[Provided material]:

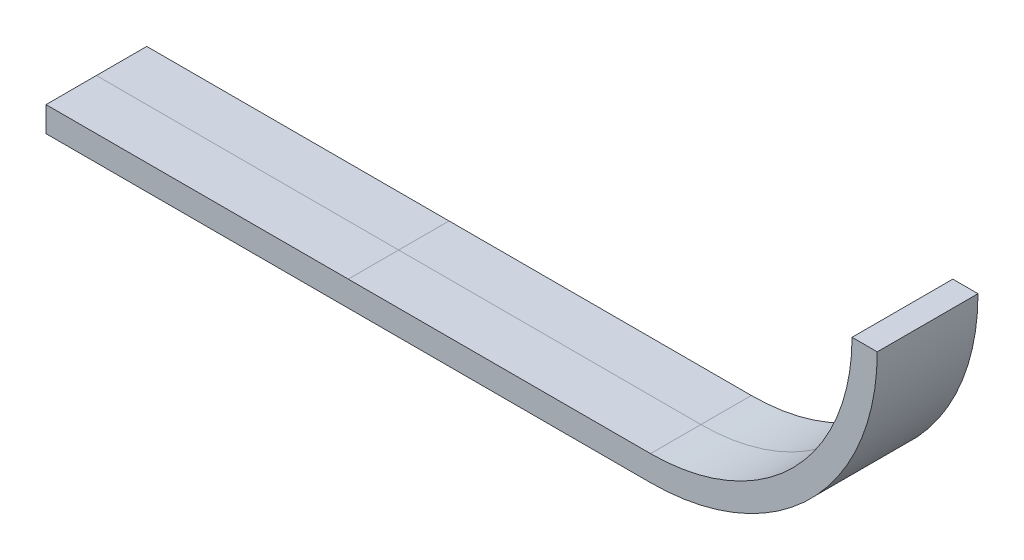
from build123d import *

# Parameters (mm, degrees)
EXTRUDE1_DEPTH = 12.7


with BuildPart() as part:
    # Sketch1 → Extrude1 (new body)
    with BuildSketch(Plane.XY):
        with BuildLine():
            Line((-38.1, 3.175), (-38.1, 0))
            Line((-38.1, 0), (38.1, 0))
            ThreePointArc((38.1, 0), (58.305576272, 8.369423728), (66.675, 28.575))
            Line((66.675, 28.575), (63.5, 28.575))
            ThreePointArc((63.5, 28.575), (56.060512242, 10.614487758), (38.1, 3.175))
            Line((38.1, 3.175), (-38.1, 3.175))
        make_face()
    extrude(amount=EXTRUDE1_DEPTH)


solid = part.part

[What to work on]:
Reproduce the line that contains "EXTRUDE1_DEPTH = 12.7" and each line after it through the last line of the entries above, exactly; leave out all earlier lines.

[Exercise output]:
EXTRUDE1_DEPTH = 12.7


with BuildPart() as part:
    # Sketch1 → Extrude1 (new body)
    with BuildSketch(Plane.XY):
        with BuildLine():
            Line((-38.1, 3.175), (-38.1, 0))
            Line((-38.1, 0), (38.1, 0))
            ThreePointArc((38.1, 0), (58.305576272, 8.369423728), (66.675, 28.575))
            Line((66.675, 28.575), (63.5, 28.575))
            ThreePointArc((63.5, 28.575), (56.060512242, 10.614487758), (38.1, 3.175))
            Line((38.1, 3.175), (-38.1, 3.175))
        make_face()
    extrude(amount=EXTRUDE1_DEPTH)


solid = part.part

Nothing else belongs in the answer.